WHAT IS REQUIRED:
Scan the entries for lines with the word "blocks", then copy those lines.

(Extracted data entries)

BEGIN

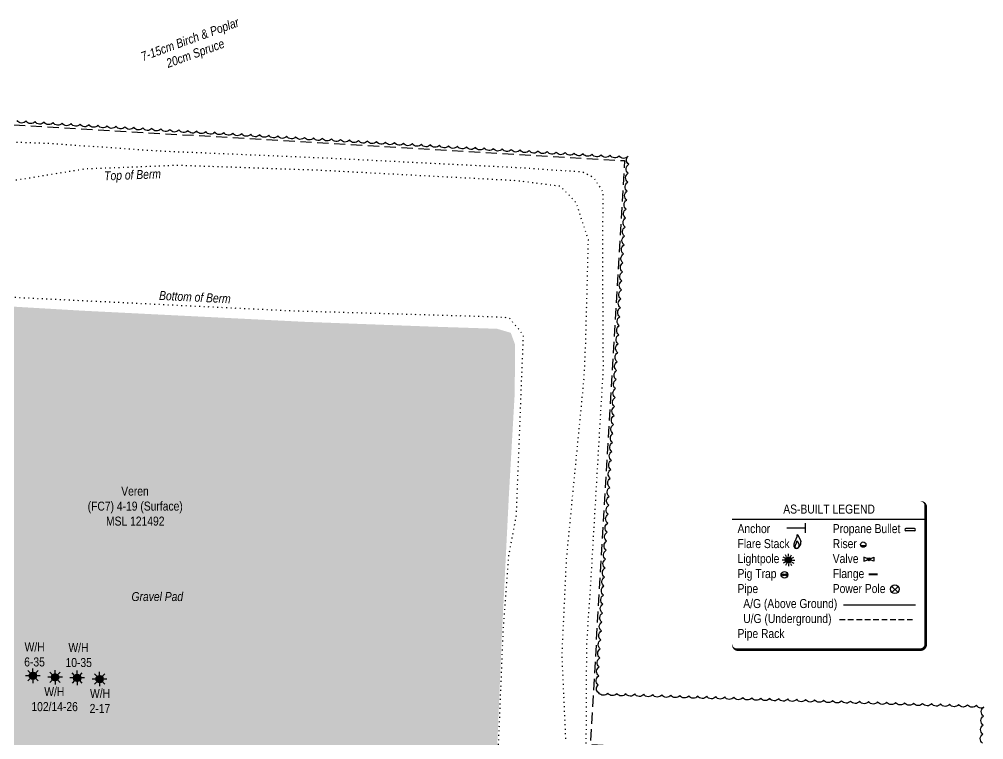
# Model space of a CAD drawing. Extents: x 478322 to 482270, y 6043221 to 6047062.
# Drawn here: x 480766 to 481837, y 6044354 to 6045155 of the extents above; entities that cross this region are included whole.
import ezdxf

# ---------------------------------------------------------------- set-up
doc = ezdxf.new("R2010")
doc.units = 0
doc.header["$LTSCALE"] = 5
for name, pattern in [('0', [1, 1, 0]), ('foc-ACCESSROAD', [3.75, 2.5, -1.25]), ('foc-TOPO', [1, 0.2, -0.8]), ('POWERLINE5', [7.8, 2.4, -0.6, 0.6, -0.6, 0.6, -0.6, 2.4]), ('UG_PIPE', [1.875, 1.25, -0.625])]:
    doc.linetypes.add(name, pattern=pattern)
doc.layers.add('AS-PIPE-AG', color=7, linetype='Continuous', true_color=0x7d00fa)
for name, color, linetype in [('AS-PIPE-UG', 44, 'UG_PIPE'), ('AS-POWER-EXISTING', 72, 'POWERLINE5'), ('AS-ROADS', 254, 'Continuous'), ('AS-SYMBOL', 7, 'Continuous'), ('C-WS', 13, 'foc-ACCESSROAD'), ('C-WS-S', 8, 'Continuous'), ('CG-NOTES', 7, 'Continuous'), ('T-BUSH', 110, '0'), ('T-BUSH-T', 110, 'Continuous'), ('T-GENERAL', 48, 'foc-TOPO')]:
    doc.layers.add(name, color=color, linetype=linetype)
for name, color, linetype, lineweight in [('C-RW-T', 13, 'Continuous', 9), ('C-WS-T', 13, 'Continuous', 9), ('T-TEXT', 48, 'Continuous', 18)]:
    doc.layers.add(name, color=color, linetype=linetype, lineweight=lineweight)
doc.styles.add('80L', font='ARIALN.TTF', dxfattribs={"height": 10})
doc.styles.add('80LS', font='ARIALNI.TTF', dxfattribs={"height": 10})

# ---------------------------------------------------------------- blocks, each defined once
blk = doc.blocks.new('GAS')
h = blk.add_hatch(color=255)
h.dxf.hatch_style = 1
edge = h.paths.add_edge_path()
edge.add_arc((0, 0), 0.9, 0, 360)
for p, q in [((-0.81, 0), (-1.62, 0)), ((-0.57, 0.57), (-1.14, 1.14)), ((0, 0.81), (0, 1.62)), ((0.57, 0.57), (1.14, 1.14)), ((1.62, 0), (0.81, 0)), ((-0.57, -0.57), (-1.14, -1.14)), ((0, -0.81), (0, -1.62)), ((1.14, -1.14), (0.57, -0.57))]:
    blk.add_line(p, q)
blk.add_circle((0, 0), 0.8)
blk = doc.blocks.new('as-built legend')
blk.add_hatch(color=13).paths.add_polyline_path([(38.3, 16.1), (32.5, 16.1, 0.774597)])
h = blk.add_hatch(color=13)
h.dxf.hatch_style = 1
edge = h.paths.add_edge_path()
edge.add_arc((-47.7, -0.3), 3.41, 0, 360)
at = {"layer": 'AS-SYMBOL'}
h = blk.add_hatch(color=13, dxfattribs=at)
h.dxf.hatch_style = 1
h.paths.add_polyline_path([(-52.7, -16.7, 1), (-54.9, -16.7, 1)])
h = blk.add_hatch(color=13, dxfattribs=at)
h.dxf.hatch_style = 1
h.paths.add_polyline_path([(-51.7, -16.7, 1), (-49.4, -16.7, 1)])
at = {"color": 1}
blk.add_line((-110.3, 45.3), (104.8, 45.3), dxfattribs=at)
at = {"color": 13}
for p, q in [((92.3, 34.7), (82.7, 34.7)), ((92.3, 32.3), (82.7, 32.3)), ((32.5, 16.1), (38.3, 16.1)), ((-51.4, 1.9), (-53.7, 3.1)), ((-49.8, 3.4), (-51.1, 5.7)), ((-47.7, 4), (-47.7, 6.6)), ((-45.5, 3.4), (-44.2, 5.7)), ((-44, 1.9), (-41.7, 3.1)), ((36.2, 2.8), (36.2, -1.6)), ((40.3, 1.2), (36.2, 2.8)), ((43.1, 1.2), (47.2, 2.8)), ((47.2, 2.8), (47.2, -1.6)), ((-52, -0.3), (-54.6, -0.3)), ((-51.4, -2.5), (-53.7, -3.8)), ((-49.8, -4), (-51.1, -6.3)), ((-47.7, -4.6), (-47.7, -7.2)), ((-45.5, -4), (-44.2, -6.3)), ((-44, -2.5), (-41.7, -3.8)), ((-43.4, -0.3), (-40.8, -0.3)), ((36.2, -1.6), (40.3, 0)), ((47.2, -1.6), (43.1, 0))]:
    blk.add_line(p, q, dxfattribs=at)
at = {"color": 1, "flags": 128}
blk.add_lwpolyline([(-104.3, -99.9, 3, 3, 0), (98.8, -99.9, 3, 3, 0.414214), (104.8, -93.9, 3, 3, 0), (104.8, 59.3, 3, 0, 0.414214), (98.8, 65.3, 0, 0, 0), (-104.3, 65.3, 0, 0, 0.414214), (-110.3, 59.3, 0, 0, 0), (-110.3, -93.9, 0, 3, 0.414214)], format="xyseb", close=True, dxfattribs=at)
at = {"color": 13, "flags": 128}
for points in [[(-37.6, 12.7), (-37.8, 12.6), (-38, 12.5), (-38.2, 12.4), (-38.5, 12.4), (-38.7, 12.4), (-38.9, 12.3), (-39.1, 12.4), (-39.4, 12.4), (-39.6, 12.4), (-39.8, 12.5), (-39.9, 12.6), (-40.1, 12.7), (-40.3, 12.9), (-40.4, 13.1), (-40.6, 13.3), (-40.7, 13.5), (-40.8, 13.7), (-41, 14), (-41.1, 14.3), (-41.2, 14.6), (-41.3, 15), (-41.3, 15.4), (-41.4, 15.8), (-41.4, 16.2), (-41.4, 16.6), (-41.3, 17.1), (-41.3, 17.6), (-41.2, 18.1), (-41.1, 18.6), (-40.9, 19.1), (-40.8, 19.6), (-40.6, 20), (-40.5, 20.4), (-40.3, 20.8), (-40.2, 21.2), (-40, 21.6), (-39.8, 22), (-39.6, 22.3), (-39.5, 22.7), (-39.3, 23), (-39.1, 23.4), (-39, 23.8), (-38.8, 24.1), (-38.6, 24.5), (-38.5, 24.9), (-38.4, 25.3), (-38.2, 25.7), (-38.1, 26.1), (-38.1, 26.4), (-38, 26.8), (-38, 27.1), (-37.9, 27.4), (-37.9, 27.7), (-37.9, 27.8), (-37.8, 28), (-37.8, 28), (-37.7, 28), (-37.6, 27.9), (-37.5, 27.7), (-37.3, 27.5), (-37.2, 27.3), (-37.1, 27), (-36.9, 26.7), (-36.8, 26.5), (-36.7, 26.2), (-36.6, 25.9), (-36.5, 25.7), (-36.3, 25.4), (-36.2, 25.2), (-36.1, 25), (-36, 24.7), (-35.8, 24.4), (-35.7, 24.2), (-35.5, 23.9), (-35.4, 23.6), (-35.2, 23.3), (-35.1, 23), (-34.9, 22.8), (-34.8, 22.5), (-34.7, 22.2), (-34.6, 22), (-34.4, 21.8), (-34.4, 21.5), (-34.3, 21.3), (-34.2, 21.1), (-34.2, 20.9), (-34.1, 20.7), (-34.1, 20.5), (-34.1, 20.3), (-34.1, 20.1), (-34.1, 19.9), (-34.2, 19.7), (-34.2, 19.5), (-34.2, 19.3), (-34.2, 19.1), (-34.3, 18.9), (-34.3, 18.6), (-34.3, 18.4), (-34.3, 18.2), (-34.4, 17.9), (-34.4, 17.7), (-34.4, 17.4), (-34.5, 17.2), (-34.5, 17), (-34.6, 16.7), (-34.7, 16.5), (-34.8, 16.3), (-35, 16.1), (-35.1, 15.8), (-35.2, 15.6), (-35.4, 15.4), (-35.5, 15.2), (-35.6, 15.1), (-35.7, 14.9), (-35.9, 14.7), (-36, 14.5), (-36.1, 14.4), (-36.2, 14.2), (-36.3, 14.1), (-36.4, 13.9), (-36.5, 13.7), (-36.7, 13.6), (-36.8, 13.4), (-36.9, 13.2), (-37.1, 13.1), (-37.2, 12.9), (-37.4, 12.8)], [(-38, 12.5), (-38.2, 12.5), (-38.3, 12.4), (-38.4, 12.4), (-38.5, 12.4), (-38.7, 12.4), (-38.8, 12.4), (-38.9, 12.4), (-39, 12.4), (-39.2, 12.4), (-39.3, 12.4), (-39.4, 12.5), (-39.5, 12.6), (-39.5, 12.7), (-39.6, 12.8), (-39.7, 12.9), (-39.8, 13), (-39.9, 13.1), (-39.9, 13.3), (-40, 13.4), (-40.1, 13.6), (-40.1, 13.8), (-40.1, 14), (-40.2, 14.3), (-40.2, 14.5), (-40.2, 14.8), (-40.1, 15), (-40.1, 15.3), (-40, 15.6), (-40, 15.9), (-39.9, 16.1), (-39.8, 16.4), (-39.8, 16.7), (-39.7, 16.9), (-39.6, 17.1), (-39.5, 17.3), (-39.4, 17.5), (-39.3, 17.7), (-39.2, 17.9), (-39.1, 18.1), (-39, 18.3), (-38.9, 18.5), (-38.8, 18.7), (-38.7, 19), (-38.6, 19.2), (-38.5, 19.4), (-38.5, 19.6), (-38.4, 19.8), (-38.4, 20), (-38.3, 20.2), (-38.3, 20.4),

END

REPLY TO THE TASK:
# ---------------------------------------------------------------- blocks, each defined once
blk = doc.blocks.new('GAS')
blk = doc.blocks.new('as-built legend')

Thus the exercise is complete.